= Repairman Jack (series) =

Horror/thriller novels by F. Paul Wilson

Repairman Jack is a book series by American author F. Paul Wilson, which consists of sixteen horror/thriller novels (as of 2012), several standalone short stories, and two spin-off trilogies.

== Story ==

The series revolves around the adventures of a Manhattan-based "urban mercenary" who calls himself Repairman Jack. Jack is a man with no last name or legal status who makes his living "fixing" situations for people who cannot find help elsewhere. His work has not only led him into violent encounters with the criminal underworld, but also into the midst of a behind-the-scenes cosmic battle for Earth between two supernatural forces: one known as the Ally, which is benign towards humanity, and one as the Otherness, which is hostile towards it and generally considered "evil".

== Timeline ==
The series proper begins with The Tomb and ends with Nightworld. However, those two books are also part of another series of novels by Wilson known as The Adversary Cycle. The Repairman Jack series was restarted with Legacies in 1998. This newer series is following chronologically from the events of The Tomb to the events immediately preceding Nightworld.

== Novels ==

===Repairman Jack===
- The Tomb (1984)
- Legacies (1998)
- Conspiracies (1999)
- All the Rage (2000)
- Hosts (Oct 12, 2001)
- The Haunted Air (Oct 18, 2002)
- Gateways (Nov 1, 2003)
- Crisscross (Oct 7, 2004)
- Infernal (Oct 20, 2005)
- Harbingers (Sep 19, 2006)
- Bloodline (Sep 18, 2007)
- By the Sword (Oct 14, 2008)
- Ground Zero (Sep 15, 2009)
- The Last Christmas (2019)
- Fatal Error (Oct 12, 2010)
- Dark at the End (Oct 11, 2011)
- Nightworld (1992 - Extensively revised edition: May 22, 2012)
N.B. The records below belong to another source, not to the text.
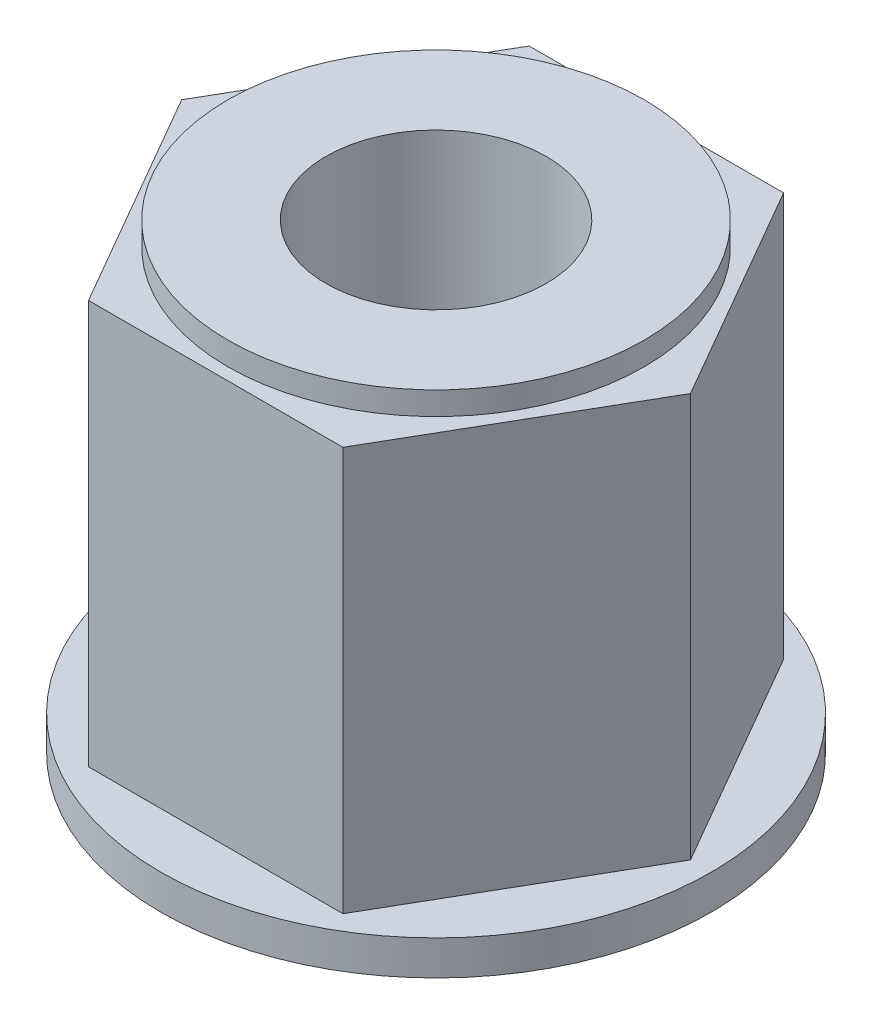
from build123d import *

# Parameters (mm, degrees)
SKETCH1_W            = 11.90625
SKETCH1_H            = 1.5
BOSS_EXTRUDE1_DEPTH  = 17.4625
SKETCH3_W            = 9
SKETCH3_H            = 1
M8_CLEARANCE_HOLE1_D = 9.525


with BuildPart() as part:
    # Sketch1 → Revolve1 (revolve)
    with BuildSketch(Plane(origin=(0, 0, 0), x_dir=(-1, 0, 0), z_dir=(0, 0, -1))):
        with Locations((-5.953125, -0.75)):
            Rectangle(SKETCH1_W, SKETCH1_H)
    revolve(axis=Axis((0, -1.5, 0), (0, 1, 0)))

    # Sketch2 → Boss-Extrude1 (add)
    with BuildSketch(Plane(origin=(0, 0, 0), x_dir=(-1, 0, 0), z_dir=(0, 1, 0))):
        Polygon((10.998522628, 0), (5.499261314, -9.525), (-5.499261314, -9.525), (-10.998522628, 0), (-5.499261314, 9.525), (5.499261314, 9.525), align=None)
    extrude(amount=BOSS_EXTRUDE1_DEPTH)

    # Sketch3 → Revolve2 (revolve)
    with BuildSketch(Plane.XY):
        with Locations((4.5, 17.9625)):
            Rectangle(SKETCH3_W, SKETCH3_H)
    revolve(axis=Axis((0, 18.4625, 0), (0, -1, 0)))

    # M8 Clearance Hole1 (through all)
    with Locations(Plane(origin=(0, -1.5, 0), x_dir=(-1, 0, 0), z_dir=(0, -1, 0))):
        with Locations((0, 0)):
            Hole(M8_CLEARANCE_HOLE1_D / 2)


solid = part.part
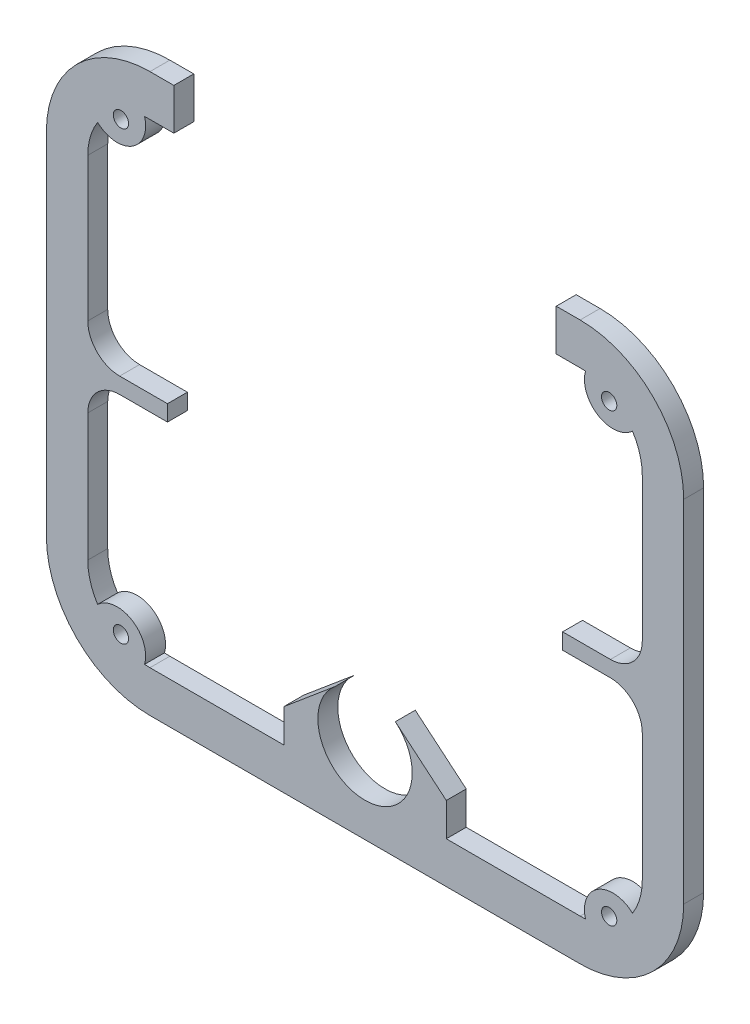
from build123d import *

# Parameters (mm, degrees)
SKETCH1_R           = 0.6096
BOSS_EXTRUDE1_DEPTH = 1.5875
CUT_EXTRUDE1_REACH  = 35.788
SKETCH2_W           = 3.155094666
SKETCH2_H           = 2.647438771
SKETCH2_W_2         = 30.48
SKETCH2_H_2         = 3.302
FILLET1_R           = 2.54


with BuildPart() as part:
    # Sketch1 → Boss-Extrude1 (new body)
    with BuildSketch(Plane.XY):
        with BuildLine():
            ThreePointArc((25.4, 13.97), (22.982166479, 19.807166479), (17.145, 22.225))
            Line((17.145, 22.225), (-17.145, 22.225))
            ThreePointArc((-17.145, 22.225), (-22.982166479, 19.807166479), (-25.4, 13.97))
            Line((-25.4, 13.97), (-25.4, -13.97))
            ThreePointArc((-25.4, -13.97), (-22.982166479, -19.807166479), (-17.145, -22.225))
            Line((-17.145, -22.225), (17.145, -22.225))
            ThreePointArc((17.145, -22.225), (22.982166479, -19.807166479), (25.4, -13.97))
            Line((25.4, -13.97), (25.4, 13.97))
        make_face()
        with Locations((-19.457528855, -17.78)):
            Circle(SKETCH1_R, mode=Mode.SUBTRACT)
        with BuildLine():
            ThreePointArc((-17.571441005, -18.904608097), (-18.58472515, -16.350943325), (-21.316849854, -16.639808568))
            ThreePointArc((-21.316849854, -16.639808568), (-21.898702837, -15.360869633), (-22.098, -13.97))
            Line((-22.098, -13.97), (-22.098, -1.27))
            Line((-22.098, -1.27), (-15.748, -1.27))
            Line((-15.748, -1.27), (-15.748, 0))
            Line((-15.748, 0), (-22.098, 0))
            Line((-22.098, 0), (-22.098, 13.97))
            ThreePointArc((-22.098, 13.97), (-21.898702837, 15.360869633), (-21.316849854, 16.639808568))
            ThreePointArc((-21.316849854, 16.639808568), (-18.58472515, 16.350943325), (-17.571441005, 18.904608097))
            ThreePointArc((-17.571441005, 18.904608097), (-17.358418716, 18.918399888), (-17.145, 18.923))
            Line((-17.145, 18.923), (17.145, 18.923))
            ThreePointArc((17.145, 18.923), (17.358418716, 18.918399888), (17.571441005, 18.904608097))
            ThreePointArc((17.571441005, 18.904608097), (18.58472515, 16.350943325), (21.316849854, 16.639808568))
            ThreePointArc((21.316849854, 16.639808568), (21.898702837, 15.360869633), (22.098, 13.97))
            Line((22.098, 13.97), (22.098, 0))
            Line((22.098, 0), (15.748, 0))
            Line((15.748, 0), (15.748, -1.27))
            Line((15.748, -1.27), (22.098, -1.27))
            Line((22.098, -1.27), (22.098, -13.97))
            ThreePointArc((22.098, -13.97), (21.898702837, -15.360869633), (21.316849854, -16.639808568))
            ThreePointArc((21.316849854, -16.639808568), (18.58472515, -16.350943325), (17.571441005, -18.904608097))
            ThreePointArc((17.571441005, -18.904608097), (17.358418716, -18.918399888), (17.145, -18.923))
            Line((17.145, -18.923), (9.632094666, -18.923))
            Line((9.632094666, -18.923), (2.416367182, -12.868285729))
            ThreePointArc((2.416367182, -12.868285729), (0, -19.5072), (-2.416367182, -12.868285729))
            Line((-2.416367182, -12.868285729), (-9.632094666, -18.923))
            Line((-9.632094666, -18.923), (-17.145, -18.923))
            ThreePointArc((-17.145, -18.923), (-17.358418716, -18.918399888), (-17.571441005, -18.904608097))
        make_face(mode=Mode.SUBTRACT)
        with Locations((19.457528855, -17.78)):
            Circle(SKETCH1_R, mode=Mode.SUBTRACT)
        with Locations((19.457528855, 17.78)):
            Circle(SKETCH1_R, mode=Mode.SUBTRACT)
        with Locations((-19.457528855, 17.78)):
            Circle(SKETCH1_R, mode=Mode.SUBTRACT)
    extrude(amount=BOSS_EXTRUDE1_DEPTH)

    # Sketch2 → Cut-Extrude1 (cut, up to next)
    with BuildSketch(Plane.XY.offset(1.5875), mode=Mode.PRIVATE) as cut_extrude1_sk1:
        with Locations((-8.054547333, -17.599280615)):
            Rectangle(SKETCH2_W, SKETCH2_H)
    cut_extrude1_tool1 = extrude(cut_extrude1_sk1.sketch, amount=-CUT_EXTRUDE1_REACH, mode=Mode.PRIVATE) & part.part
    # Sketch2 → Cut-Extrude1 (cut, up to next)
    with BuildSketch(Plane.XY.offset(1.5875), mode=Mode.PRIVATE) as cut_extrude1_sk2:
        with Locations((8.054547333, -17.599280615)):
            Rectangle(SKETCH2_W, SKETCH2_H)
    cut_extrude1_tool2 = extrude(cut_extrude1_sk2.sketch, amount=-CUT_EXTRUDE1_REACH, mode=Mode.PRIVATE) & part.part
    # Sketch2 → Cut-Extrude1 (cut, up to next)
    with BuildSketch(Plane.XY.offset(1.5875), mode=Mode.PRIVATE) as cut_extrude1_sk3:
        with Locations((0, 20.574)):
            Rectangle(SKETCH2_W_2, SKETCH2_H_2)
    cut_extrude1_tool3 = extrude(cut_extrude1_sk3.sketch, amount=-CUT_EXTRUDE1_REACH, mode=Mode.PRIVATE) & part.part
    add(cut_extrude1_tool1.solids().sort_by_distance((-8.054547, -17.599281, 1.5875))[0], mode=Mode.SUBTRACT)
    add(cut_extrude1_tool2.solids().sort_by_distance((8.054547, -17.599281, 1.5875))[0], mode=Mode.SUBTRACT)
    add(cut_extrude1_tool3.solids().sort_by_distance((0, 20.574, 1.5875))[0], mode=Mode.SUBTRACT)

    # Fillet1
    fillet1_edges = [part.edges().sort_by_distance(p)[0] for p in [
        (22.098, -1.27, 0.79375),
        (22.098, 0, 0.79375),
        (-22.098, 0, 0.79375),
        (-22.098, -1.27, 0.79375),
    ]]
    fillet(fillet1_edges, radius=FILLET1_R)


solid = part.part

===Jack: Young Adult Series===
- Secret Histories (May 27, 2008)
- Secret Circles (Feb 2, 2010)
- Secret Vengeance (Feb 1, 2011)

===Repairman Jack: The Early Years===
- Cold City (Nov 27, 2012)
- Dark City (Oct 15, 2013)
- Fear City (Nov 11, 2014)

== Short fiction ==
- "The Wringer" (in Night Screams)
- "A Day in the Life" (in Stalkers + The Barren & Others)
- "The Last Rakosh" (in The World Fantasy Convention 1990 Program Book, integrated into All The Rage)
- "Home Repairs" (in Cold Blood (Ziesing 6/91), integrated into Conspiracies)
- "The Long Way Home" (in Dark at Heart (Dark Harvest 1992))
- "Interlude at Duane's" (in Thriller anthology, 2006)
- "Piney Power" (in Fear: 13 Stories of Suspense and Horror, anthology, 2010)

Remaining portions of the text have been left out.